Interesting. I've been aboard that ship when one of my own visited San Francisco back in 1990. They must have had to dress it up with some computer animation to make it look like the Titanic's engine room.
Hope you don't mind if I bilge in here a wee. The scenes containing the Lovely Lady (Main Engine) on board of "Jeremiah O'Brien" had a very odd mixture of real machinery (the engine herself), miniature catwalks and piping added into the engine to give the appearance of larger size, and digitially-created back-grounds. Then, through some process as mysterious to me as the workings of the ship were to them, they added in the actors, etc.
They had some cardboard cut-out people they would place here and there in the engine, to help them visualise the shots for scale whilst they were setting up. The first day, I looked at them, then the engine for a long time. Then I told their lead person, I thought perhaps the cardboard people were a bit too small.
The good man's reaction was surprising -- he was seriously alarmed! He said, 'Please don't let the director hear you say that!!!' I immediately promised him I wouldn't breathe a word, and reassured him, then went round behind the engine, doing my level best to not let the other devil escape me. But I had to say =something= or burst, so I told the engine itself, then had to sit on the side of the hotwell and larf a while.
'If he's that upset about the size of his wee people, I guess I had better not tell him that 'Titanic's engine had four legs, whilst ours has got only three!' I said to the engine.

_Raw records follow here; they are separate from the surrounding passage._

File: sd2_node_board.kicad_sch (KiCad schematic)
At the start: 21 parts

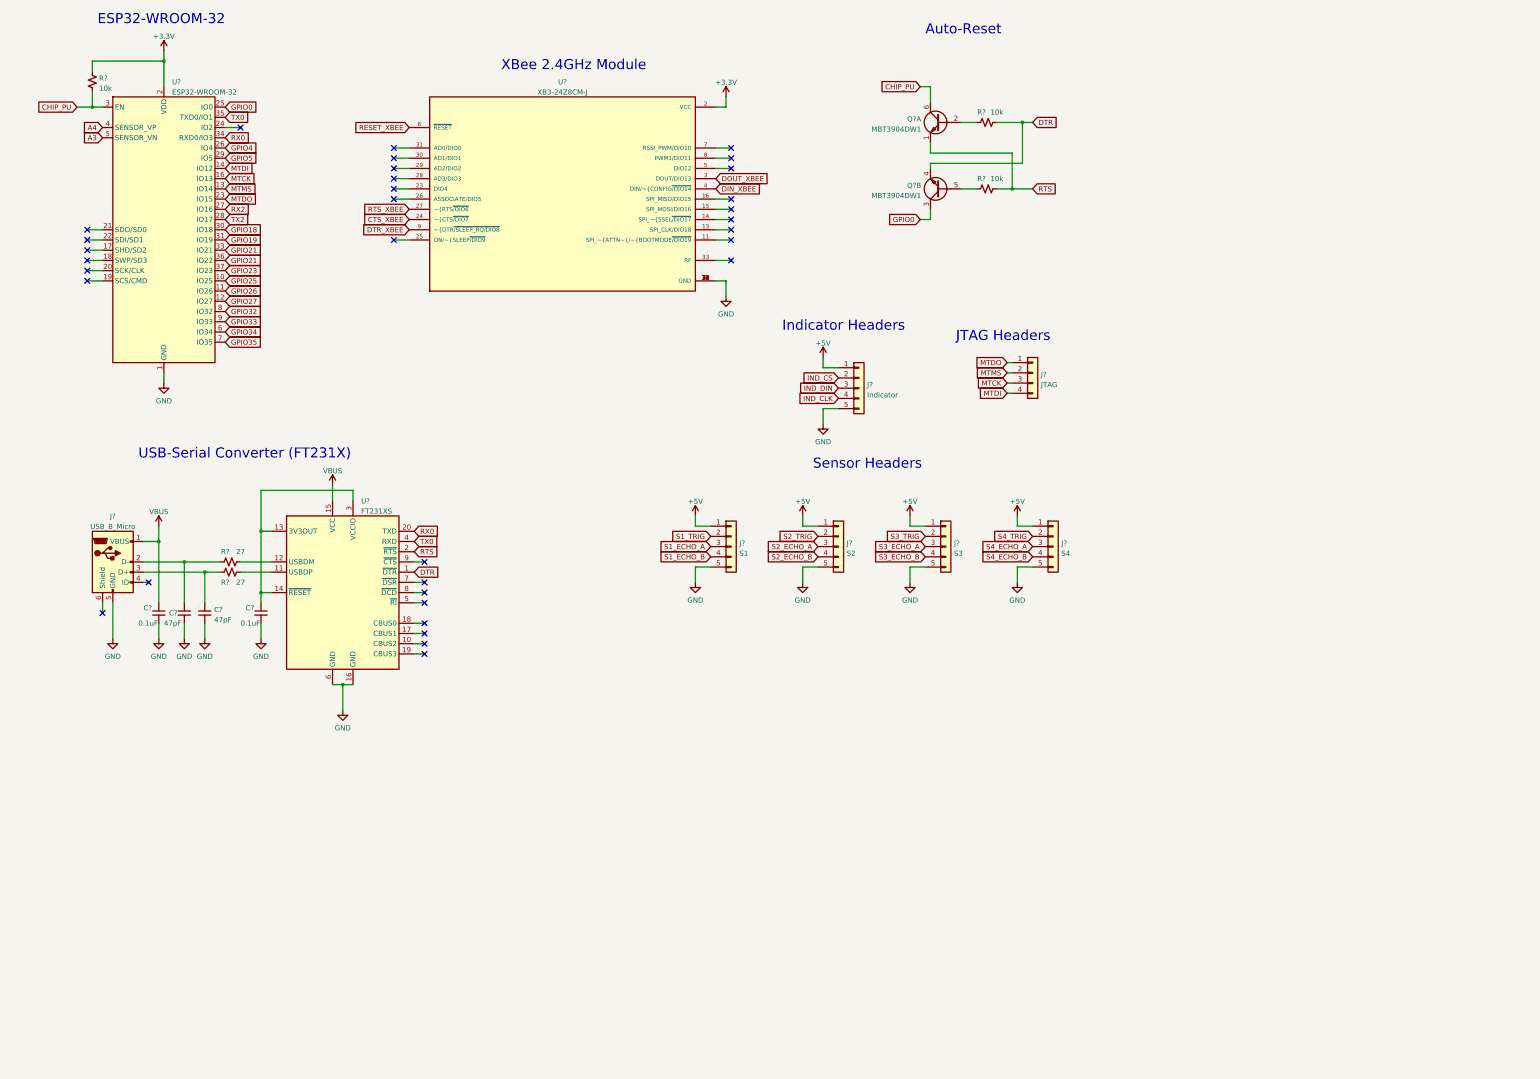
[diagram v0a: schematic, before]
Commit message: Add components to schematic
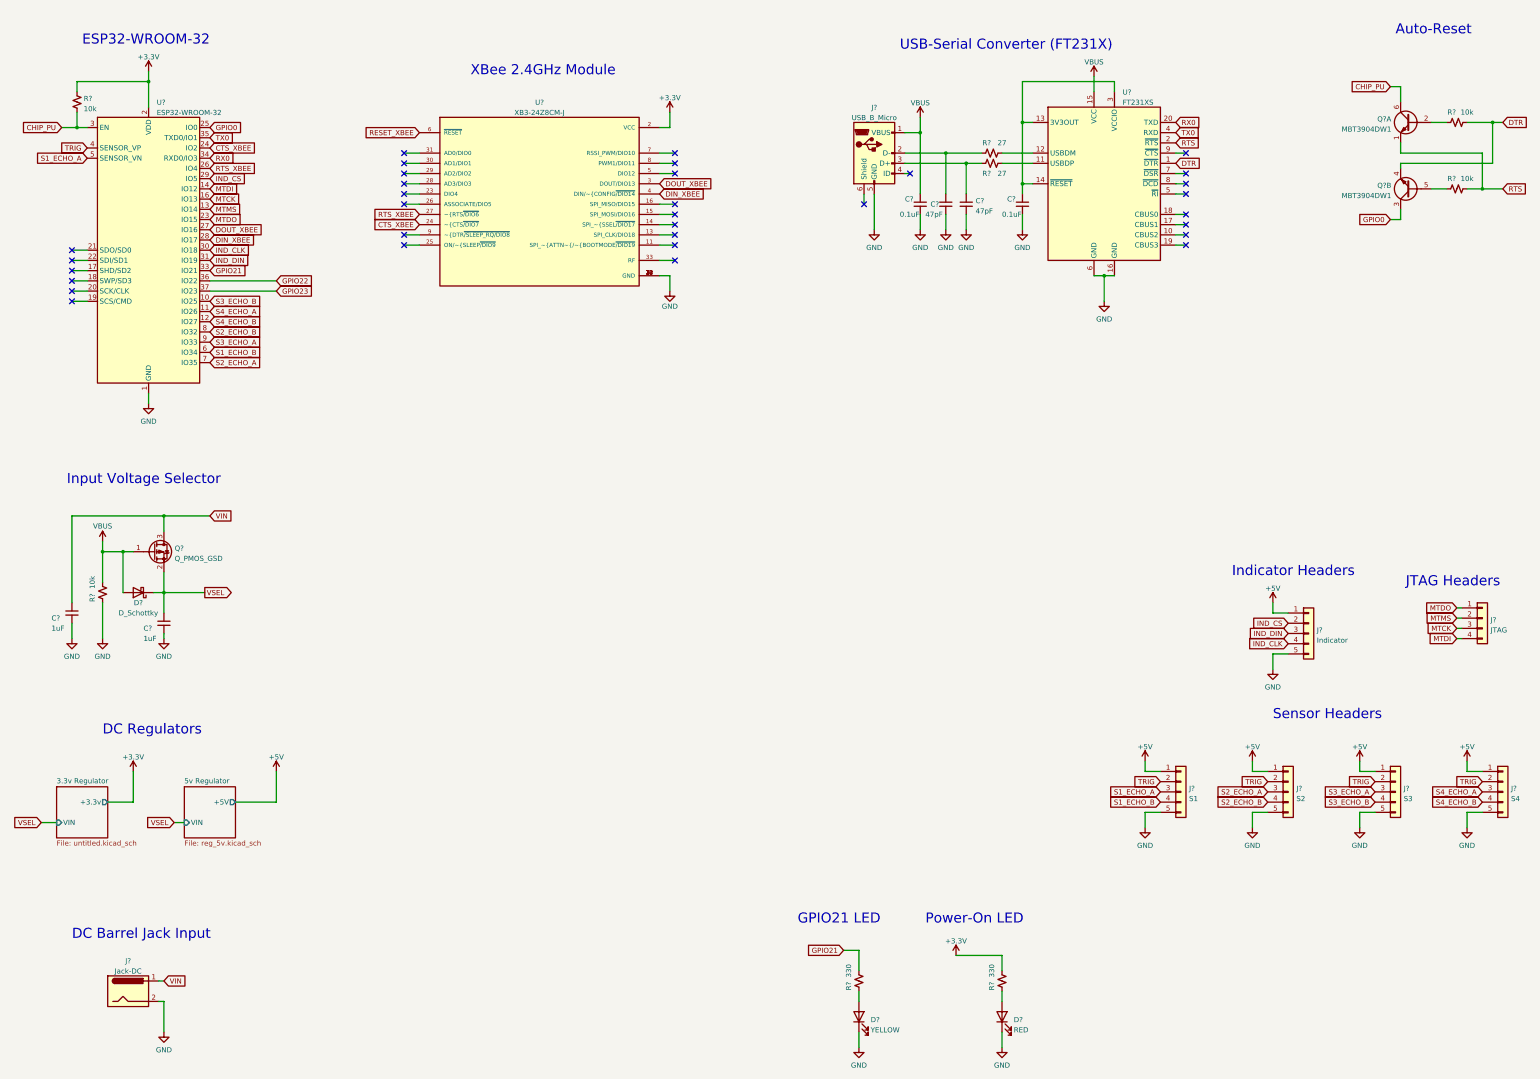
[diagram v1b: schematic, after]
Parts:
- removed U?: XB3-24Z8CM-J, XBee:XB3-24Z8UM-J, symbol XBee:XB3-24Z8CM-J
- added C? (x2): 1uF, Capacitor_SMD:C_0805_2012Metric_Pad1.18x1.45mm_HandSolder, symbol Device:C_Small
- added D?: YELLOW, symbol Device:LED
- added D?: RED, symbol Device:LED
- added D?: D_Schottky, Diode_SMD:D_SOD-123, symbol Device:D_Schottky
- added J?: Jack-DC, symbol Connector:Jack-DC
- added Q?: Q_PMOS_GSD, Package_TO_SOT_SMD:SOT-23, symbol Device:Q_PMOS_GSD
- added R? (x2): 330, Resistor_SMD:R_0805_2012Metric_Pad1.20x1.40mm_HandSolder, symbol Device:R_Small_US
- added R?: 10k, Resistor_SMD:R_0805_2012Metric_Pad1.20x1.40mm_HandSolder, symbol Device:R_Small_US
- added U?: XB3-24Z8CM-J, XCVR_XB3-24Z8CM-J, symbol XBee:XB3-24Z8CM-J
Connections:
- net A3 is gone; now on net S1_ECHO_A: U?.5 (SENSOR_VN)
- net GPIO18 is gone; now on net IND_CLK: U?.30 (IO18)
- net GPIO19 is gone; now on net IND_DIN: U?.31 (IO19)
- net GPIO25 is gone; now on net S3_ECHO_B: U?.10 (IO25)
- net GPIO26 is gone; now on net S4_ECHO_A: U?.11 (IO26)
- net GPIO27 is gone; now on net S4_ECHO_B: U?.12 (IO27)
- net GPIO32 is gone; now on net S2_ECHO_B: U?.8 (IO32)
- net GPIO33 is gone; now on net S3_ECHO_A: U?.9 (IO33)
- net GPIO34 is gone; now on net S1_ECHO_B: U?.6 (IO34)
- net GPIO35 is gone; now on net S2_ECHO_A: U?.7 (IO35)
- net GPIO4 is gone; now on net RTS_XBEE: U?.26 (IO4)
- net GPIO5 is gone; now on net IND_CS: U?.29 (IO5)
- net RX2 is gone; now on net DOUT_XBEE: U?.27 (IO16)
- net S1_TRIG is gone; now on net TRIG: J?.2 (Pin_2)
- net S2_TRIG is gone; now on net TRIG: J?.2 (Pin_2)
- net S3_TRIG is gone; now on net TRIG: J?.2 (Pin_2)
- net S4_TRIG is gone; now on net TRIG: J?.2 (Pin_2)
- net TX2 is gone; now on net DIN_XBEE: U?.28 (IO17)
- net +3.3V: now also R?.1, U?.2 (VCC)
- net CTS_XBEE: now also U?.24 (IO2), U?.24 (~{CTS~{/DIO7})
- net DIN_XBEE: now also U?.4 (DIN/~{CONFIG~{/DIO14})
- net DOUT_XBEE: now also U?.3 (DOUT/DIO13)
- net GND: now also C?.2, C?.2, D?.1 (K), D?.1 (K), J?.2, R?.2, U?.1 (GND), U?.10 (GND), U?.12 (GND), U?.21 (GND), U?.32 (GND), U?.34 (GND)
- net GPIO21: now also R?.1; no longer U?.36 (IO22)
- net RESET_XBEE: now also U?.6 (~{RESET})
- net RTS_XBEE: now also U?.27 (~{RTS~{/DIO6})
- net VBUS: now also D?.2 (A), Q?.1 (G), R?.1
- net A4 renamed TRIG
- new net: D?.2 (A), R?.2 (x2)
- new net GPIO22: U?.36 (IO22)
- new net VIN: C?.1, J?.1, Q?.3 (D)
- new net VSEL: C?.1, D?.1 (K), Q?.2 (S)
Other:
- added sheet 3.3v Regulator (untitled.kicad_sch)
- added sheet 5v Regulator (reg_5v.kicad_sch)
- note added: "DC Barrel Jack Input"
- note added: "DC Regulators"
- note added: "GPIO21 LED"
- note added: "Input Voltage Selector"
- note added: "Power-On LED"
- moved on the sheet: C?, J?, Q?A, Q?B, R?, U?

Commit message: Finish schematic and start routing PCB
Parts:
- removed C? (x2): 1uF, Capacitor_SMD:C_0805_2012Metric_Pad1.18x1.45mm_HandSolder, symbol Device:C_Small
- removed D?: D_Schottky, Diode_SMD:D_SOD-123, symbol Device:D_Schottky
- removed J?: Jack-DC, symbol Connector:Jack-DC
- removed Q?: Q_PMOS_GSD, Package_TO_SOT_SMD:SOT-23, symbol Device:Q_PMOS_GSD
- removed R?: 10k, Resistor_SMD:R_0805_2012Metric_Pad1.20x1.40mm_HandSolder, symbol Device:R_Small_US
- added J1: CON-SOCJ-2155, Connector:GRAVITECH_CON-SOCJ-2155, symbol Connector:CON-SOCJ-2155
- added SW1: SW_Push, Button_Switch_SMD:SW_Tactile_SPST_NO_Straight_CK_PTS636Sx25SMTRLFS, symbol Switch:SW_Push
- D1, D2: renamed from D?; footprint (none) -> LED_SMD:LED_0805_2012Metric_Pad1.15x1.40mm_HandSolder
- J3, J4, J5, J6, J8: renamed from J?; footprint (none) -> TerminalBlock_Phoenix:TerminalBlock_Phoenix_MKDS-1,5-5-5.08_1x05_P5.08mm_Horizontal
- J7: renamed from J?; footprint (none) -> Connector_PinHeader_2.54mm:PinHeader_1x04_P2.54mm_Vertical
- U2: renamed from U?; footprint XCVR_XB3-24Z8CM-J -> XBee:XB3-24Z8UM-J
- gave numbers to parts that had none: 15
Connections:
- net CHIP_PU: now also SW1.2
- net GND: now also J1.3, SW1.1
- net GPIO0: now also J6.2 (Pin_2)
- net IND_CLK: now also J5.3 (Pin_3); no longer J5.4 (Pin_4)
- net IND_CS: now also J5.4 (Pin_4); no longer J5.2 (Pin_2)
- net IND_DIN: now also J5.2 (Pin_2); no longer J5.3 (Pin_3)
- net MTDI: now also J7.2 (Pin_2); no longer J7.4 (Pin_4)
- net MTDO: now also J7.4 (Pin_4); no longer J7.1 (Pin_1)
- net MTMS: now also J7.1 (Pin_1); no longer J7.2 (Pin_2)
- net VIN: now also J1.1
- net GPIO22 renamed TRIG2
- net TRIG2: now also J4.2 (Pin_2)
- net GPIO23 renamed TRIG4
- net TRIG4: now also J8.2 (Pin_2)
- net RESET_XBEE: no longer names the net of U2.6 (~{RESET})
- removed net TRIG: J3.2 (Pin_2), J4.2 (Pin_2), J6.2 (Pin_2), J8.2 (Pin_2), U1.4 (SENSOR_VP)
- new net TRIG1: J3.2 (Pin_2), U1.4 (SENSOR_VP)
- no-connect marks 33 -> 35
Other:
- sheet 3.3v Regulator: file untitled.kicad_sch -> reg_3v3.kicad_sch
- note added: "Reset Button"
- note removed: "Input Voltage Selector"

Was afraid the good man might have been done for had I let that one out! ;-)
So, a wee bit of engineer humour for a Friday afternoon!
I just purchased a copy of Knights Modern Seamanship too, Michael - from 1945 ;-) Neither contemporary with the Titanic disaster nor up to date! But it had the virtue of being cheap...rather like the pristine hardcover of Marcus' 'The Maiden Voyage' I found in the same shop for $10.00 - plans intact and all.
"Steady, ... Steady, .. Engage the REVERSING ENGINE!"
Funny you quote that line from the movie. When I was talking to the second unit director, he was disappointed that the engines could be reversed with so little effort and drama. He expected to see engineers flying around the engine room like they do when a the sub dived in Das Boot.
All I can say is they are making a movie, not doing an educational film. And with whatever faults it may have, I wish I had a penny for every dollar it made.